第9話:リアルタイム執筆が始まりました①

「あぁ、気持ちよかったぁ〜」


 僕が世界で一番愛する人は、ベッドの上に大の字に寝転び、深い呼吸を繰り返している。言わずもがな、全裸である。息を切らす度に、彼女の大振りな胸が上下に動いている。ピンと立った乳首が愛らしい。


「一生あの快感が続けばいいのになぁ〜」


 行為の際中は馬乗りになり、僕を見下すような瞳を向けてきていたのに。

 更には「情けないねぇー。男の子なのに体力全然ないじゃん」と、男性経験豊富な自分はまだまだ満足できませんアピールしていたのに。
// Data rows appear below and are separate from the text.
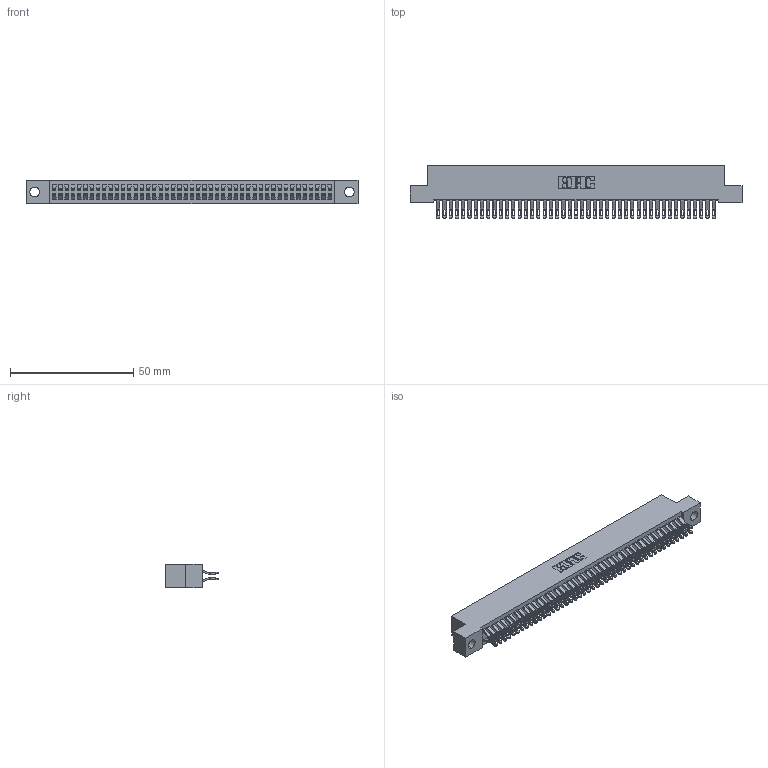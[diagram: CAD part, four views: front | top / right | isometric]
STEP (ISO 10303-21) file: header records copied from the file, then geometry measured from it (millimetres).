
FILE_DESCRIPTION (( 'STEP AP203' ), '1' );
FILE_NAME ('392-090-555-204.STEP', '2019-10-09T18:33:18', ( '' ), ( '' ), 'SwSTEP 2.0', 'SolidWorks 2016', '' );
FILE_SCHEMA (( 'CONFIG_CONTROL_DESIGN' ));
Length unit declared in the file: inch
Products named in the file (3): 345-292-001_555 Tail; 392-090-555-204; 342 Part_.156 TH
Assembly tree (91 placements, depth 2):
  392-090-555-204
    342 Part_.156 TH
    345-292-001_555 Tail  x90
Bounding box: 134.62 x 21.47 x 9.4 mm (x, y, z)
Volume: 12272.9 mm3; surface area: 20746.1 mm2
Topology: 91 solids, 91 shells, 5330 faces, 16769 edges, 11178 vertices
Faces by surface type: plane 3126, cylinder 2204
Entity records: 28759 total; most frequent: CARTESIAN_POINT 4796, ORIENTED_EDGE 4702, DIRECTION 4063, EDGE_CURVE 2351, LINE 2203, VECTOR 2203, VERTEX_POINT 1566, AXIS2_PLACEMENT_3D 930

 僕を玩具扱いし、弄んでいた彼女は上気した頬を緩ませていた。

 大量の汗が流れた首筋。口元には唾液と縮れた毛が付着している。


「童貞卒業した気分はどうかな?」


 大の字だった星座橋捺月は、コロリと回る。

 それからうつ伏せになった状態で、僕にそう訊ねてきた。


「どうと聞かれても……」

「大人になったという気はする?」


 口元をニヤニヤされた。

 ある意味これはセクハラ行為なのではないかと思ってしまう。


「……い、いや全然変わらないかも」

「まぁ、それはそっか。何も変わらないか」


 彼女はつまらなさそうにいう。

 僕としては、もう少し気の利いた台詞を言うべきだったのかもしれない。ただ何も思いつかなかったのだ。心情の変化も何もない。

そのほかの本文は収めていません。